I agree with Schimmelreiter! If you imply any correlation with Mathematics lingo like Mauthner did then be very careful with the terminology. Maths lingo is very specific and it cannot always be interpreted in a common sense way. The term regular/irregular (functions) has already got something to do with periodicity, I think.
Here's the Portuguese Wiki page on continuous functions. If you change the term 'function' to 'series' you have the official Portuguese name for Mauthner's phrase "stetige Reihe".

Earlier I was thinking, maybe Mauthner made an actual etymology chart for this word and that's how he came to the conclusion of 'merkwürdig stetige Reihe'. That means, maybe the 3 examples he stated were just representative samples but in reality he compared translations of 6-10 core languages. This would make a reasonably conclusive mathematical sample size which also justifies a claim of 'stetige Reihe'.
I think, I've seen this type of chart before and it is a good aid to assess and substantiate word etymology claims.
You just create an X/Y-chart with X-axis as time and on the Y-axis you define (your own subjective) categories of meaning. Once you enter the translation of the word in each core language at the first known time it appeared, you get a largely self-explanatory timeline of when and where it originated and which language borrowed its translation from what other language.


----------



## bearded

To Manfy
Re your mathematical explanation of 'stetige Reihe', is it a sure thing that, at the time when Mauthner wrote what he wrote, continuous series and functions and such things already existed/had been discovered, and that he knew them ? Sorry for my naive question: it only arises out of my ignorance in this field.


----------



## berndf

In mathematics, there is no such thing as a _stetige Reihe_ or _stetige Folge_ (A _Reihe _is a _Folge _constructed incrementally, e.g. the Reihe 1+1/2+1/3+1/4... is a way to construct the _Folge _1, 1.5, 1.6666..,  1.916666..., ...). The term _stetig_ only applies to functions with continuous domains and codomains and does not apply to functions with discrete domains, which every _Folge _or _Reihe_ by definition of the term is.


----------



## manfy

bearded man said:


> Sorry for my naive question: it only arises out of my ignorance in this field.


No worries, it's a valid question.
Mauthner published his first edition of that dictionary around 1910, so he must have written it between 1900-1910.
Even though I don't know the exact details about history of mathematics, I can guarantee you that this concept of data series and functions was known in the very same way back then as we know it now. That's because these concepts are the very basics of higher mathematics and the majority of it was created by the ancient greeks (timeframe of Plato and Aristotles).
The next big step was around 17th/18th century, the beginnings of industrialization and the modern world -- and only that is the beginning of that type of mathematics where even highly educated academics outside the field would have to say: huh? say what??


----------



## manfy

berndf said:


> In mathematics, there is no such thing as a _stetige Reihe_ or _stetige Folge_ (A _Reihe _is a _Folge _constructed incrementally, e.g. the Reihe 1+1/2+1/3+1/4... is a way to construct the _Folge _1, 1.5, 1.6666.., 1.916666..., ...). The term _stetig_ only applies to functions with continuous domains and codomains and does not apply to functions with discrete domains, which every _Folge _or _Reihe_ by definition of the term is.

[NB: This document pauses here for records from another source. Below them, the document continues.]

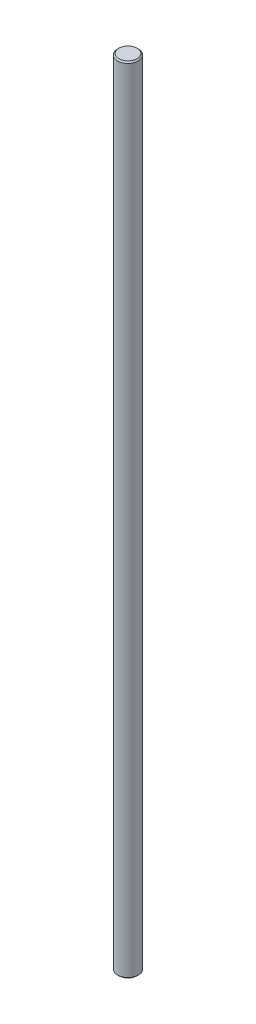
ISO-10303-21;
HEADER;
FILE_DESCRIPTION(('STEP AP214'),'2;1');
FILE_NAME('part.step','',(''),(''),'','','');
FILE_SCHEMA(('AUTOMOTIVE_DESIGN { 1 0 10303 214 1 1 1 1 }'));
ENDSEC;
DATA;
#1=APPLICATION_CONTEXT('core data for automotive mechanical design processes');
#2=APPLICATION_PROTOCOL_DEFINITION('international standard','automotive_design',2000,#1);
#3=PRODUCT_CONTEXT('',#1,'mechanical');
#4=PRODUCT('Part','Part','',(#3));
#5=PRODUCT_RELATED_PRODUCT_CATEGORY('part','',(#4));
#6=PRODUCT_DEFINITION_FORMATION('','',#4);
#7=PRODUCT_DEFINITION_CONTEXT('part definition',#1,'design');
#8=PRODUCT_DEFINITION('design','',#6,#7);
#9=PRODUCT_DEFINITION_SHAPE('','',#8);
#10=(LENGTH_UNIT() NAMED_UNIT(*) SI_UNIT(.MILLI.,.METRE.));
#11=(NAMED_UNIT(*) PLANE_ANGLE_UNIT() SI_UNIT($,.RADIAN.));
#12=(NAMED_UNIT(*) SI_UNIT($,.STERADIAN.) SOLID_ANGLE_UNIT());
#13=UNCERTAINTY_MEASURE_WITH_UNIT(LENGTH_MEASURE(1.E-05),#10,'distance_accuracy_value','');
#14=(GEOMETRIC_REPRESENTATION_CONTEXT(3) GLOBAL_UNCERTAINTY_ASSIGNED_CONTEXT((#13)) GLOBAL_UNIT_ASSIGNED_CONTEXT((#10,
#11,#12)) REPRESENTATION_CONTEXT('',''));
#15=CARTESIAN_POINT('',(0.,0.,0.));
#16=DIRECTION('',(0.,0.,1.));
#17=DIRECTION('',(1.,0.,0.));
#18=AXIS2_PLACEMENT_3D('',#15,#16,#17);
#19=CARTESIAN_POINT('',(0.,0.,0.));
#20=DIRECTION('',(0.,1.,0.));
#21=DIRECTION('',(1.,0.,0.));
#22=AXIS2_PLACEMENT_3D('',#19,#20,#21);
#23=PLANE('',#22);
#24=CARTESIAN_POINT('',(0.,0.,0.));
#25=DIRECTION('',(0.,-1.,0.));
#26=DIRECTION('',(1.,0.,0.));
#27=AXIS2_PLACEMENT_3D('',#24,#25,#26);
#28=CIRCLE('',#27,3.5);
#29=CARTESIAN_POINT('',(3.5,0.,0.));
#30=VERTEX_POINT('',#29);
#31=EDGE_CURVE('E10',#30,#30,#28,.T.);
#32=ORIENTED_EDGE('',*,*,#31,.T.);
#33=EDGE_LOOP('',(#32));
#34=FACE_BOUND('',#33,.T.);
#35=ADVANCED_FACE('F15',(#34),#23,.F.);
#36=CARTESIAN_POINT('',(0.,0.2499999789677,0.));
#37=DIRECTION('',(0.,1.,0.));
#38=DIRECTION('',(0.,0.,-1.));
#39=AXIS2_PLACEMENT_3D('',#36,#37,#38);
#40=CONICAL_SURFACE('',#39,3.749999978968,0.7853981633973);
#41=CARTESIAN_POINT('',(0.,0.5,0.));
#42=DIRECTION('',(0.,-1.,0.));
#43=DIRECTION('',(-1.,0.,0.));
#44=AXIS2_PLACEMENT_3D('',#41,#42,#43);
#45=CIRCLE('',#44,4.);
#46=CARTESIAN_POINT('',(-4.,0.5,0.));
#47=VERTEX_POINT('',#46);
#48=EDGE_CURVE('E23',#47,#47,#45,.T.);
#49=ORIENTED_EDGE('',*,*,#48,.T.);
#50=EDGE_LOOP('',(#49));
#51=FACE_BOUND('',#50,.T.);
#52=ORIENTED_EDGE('',*,*,#31,.F.);
#53=EDGE_LOOP('',(#52));
#54=FACE_BOUND('',#53,.T.);
#55=ADVANCED_FACE('F45',(#51,#54),#40,.T.);
#56=CARTESIAN_POINT('',(0.,0.,0.));
#57=DIRECTION('',(0.,1.,0.));
#58=DIRECTION('',(1.,0.,0.));
#59=AXIS2_PLACEMENT_3D('',#56,#57,#58);
#60=CYLINDRICAL_SURFACE('',#59,4.);
#61=CARTESIAN_POINT('',(0.,304.5,0.));
#62=DIRECTION('',(0.,1.,0.));
#63=DIRECTION('',(-1.,0.,0.));
#64=AXIS2_PLACEMENT_3D('',#61,#62,#63);
#65=CIRCLE('',#64,4.);
#66=CARTESIAN_POINT('',(-4.,304.5,0.));
#67=VERTEX_POINT('',#66);
#68=EDGE_CURVE('E28',#67,#67,#65,.T.);
#69=ORIENTED_EDGE('',*,*,#68,.F.);
#70=EDGE_LOOP('',(#69));
#71=FACE_BOUND('',#70,.T.);
#72=ORIENTED_EDGE('',*,*,#48,.F.);
#73=EDGE_LOOP('',(#72));
#74=FACE_BOUND('',#73,.T.);
#75=ADVANCED_FACE('F39',(#71,#74),#60,.T.);
#76=CARTESIAN_POINT('',(0.,304.750000021,0.));
#77=DIRECTION('',(0.,-1.,0.));
#78=DIRECTION('',(0.,0.,-1.));
#79=AXIS2_PLACEMENT_3D('',#76,#77,#78);
#80=CONICAL_SURFACE('',#79,3.749999978968,0.7853981633973);
#81=ORIENTED_EDGE('',*,*,#68,.T.);
#82=EDGE_LOOP('',(#81));
#83=FACE_BOUND('',#82,.T.);
#84=CARTESIAN_POINT('',(0.,305.,0.));
#85=DIRECTION('',(0.,1.,0.));
#86=DIRECTION('',(-1.,0.,0.));
#87=AXIS2_PLACEMENT_3D('',#84,#85,#86);
#88=CIRCLE('',#87,3.5);
#89=CARTESIAN_POINT('',(-3.5,305.,0.));
#90=VERTEX_POINT('',#89);
#91=EDGE_CURVE('E19',#90,#90,#88,.T.);
#92=ORIENTED_EDGE('',*,*,#91,.F.);
#93=EDGE_LOOP('',(#92));
#94=FACE_BOUND('',#93,.T.);
#95=ADVANCED_FACE('F37',(#83,#94),#80,.T.);
#96=CARTESIAN_POINT('',(0.,305.,0.));
#97=DIRECTION('',(0.,1.,0.));
#98=DIRECTION('',(1.,0.,0.));
#99=AXIS2_PLACEMENT_3D('',#96,#97,#98);
#100=PLANE('',#99);
#101=ORIENTED_EDGE('',*,*,#91,.T.);
#102=EDGE_LOOP('',(#101));
#103=FACE_BOUND('',#102,.T.);
#104=ADVANCED_FACE('F17',(#103),#100,.T.);
#105=CLOSED_SHELL('',(#35,#55,#75,#95,#104));
#106=MANIFOLD_SOLID_BREP('B1',#105);
#107=ADVANCED_BREP_SHAPE_REPRESENTATION('',(#18,#106),#14);
#108=SHAPE_DEFINITION_REPRESENTATION(#9,#107);
ENDSEC;
END-ISO-10303-21;

Hmmm, but Reihe and Funktion are practically the same thing! 'Reihe' is a series of actual data points which is the basis for the formulation of a mathematical function (i.e. the mathematical description of the progression of this series of data within a multidimensional space), defined for a specific (but freely selectable) domain (with freely definable limits), isn't it?


----------



## berndf

manfy said:


> Hmmm, but Reihe and Funktion are practically the same thing! 'Reihe' is a series of actual data points which is the basis for the formulation of a mathematical function (i.e. the mathematical description of the progression of this series of data within a multidimensional space), defined for a specific (but freely selectable) domain (with freely definable limits), isn't it?


A_ series_ (_Reihe_) is a _sequence_ (_Folge_) that is defined incrementally. A _sequence _is a real-valued _function _(_Funktion_) with _domain_ (_Definitionsbereich; Urbildmenge_) *N*. The concept of _continuity _(_Stetigkeit_) applies to real-valued functions with domain *R* (complex-valued functions with domain *C*).

The concept can be generalized to functions between topological spaces. If the domain space is discrete (which *N* is) that every function into any topological space is always continuous* and the concept becomes meaningless.
__________
* A function between two topological spaces f:X->Y is continuous, iff the inverse image of every open set within Y is open in X. In a space X with discrete topology, every sub-set of X is open and, hence, f is trivially continuous.


----------



## Hutschi

Hi, I think that "Reihe" and "stetig" in mathematics have strict definitions.
But Mautner did not mean these.
He used the concepts as a kind of metaphor and in a more colloquial sense.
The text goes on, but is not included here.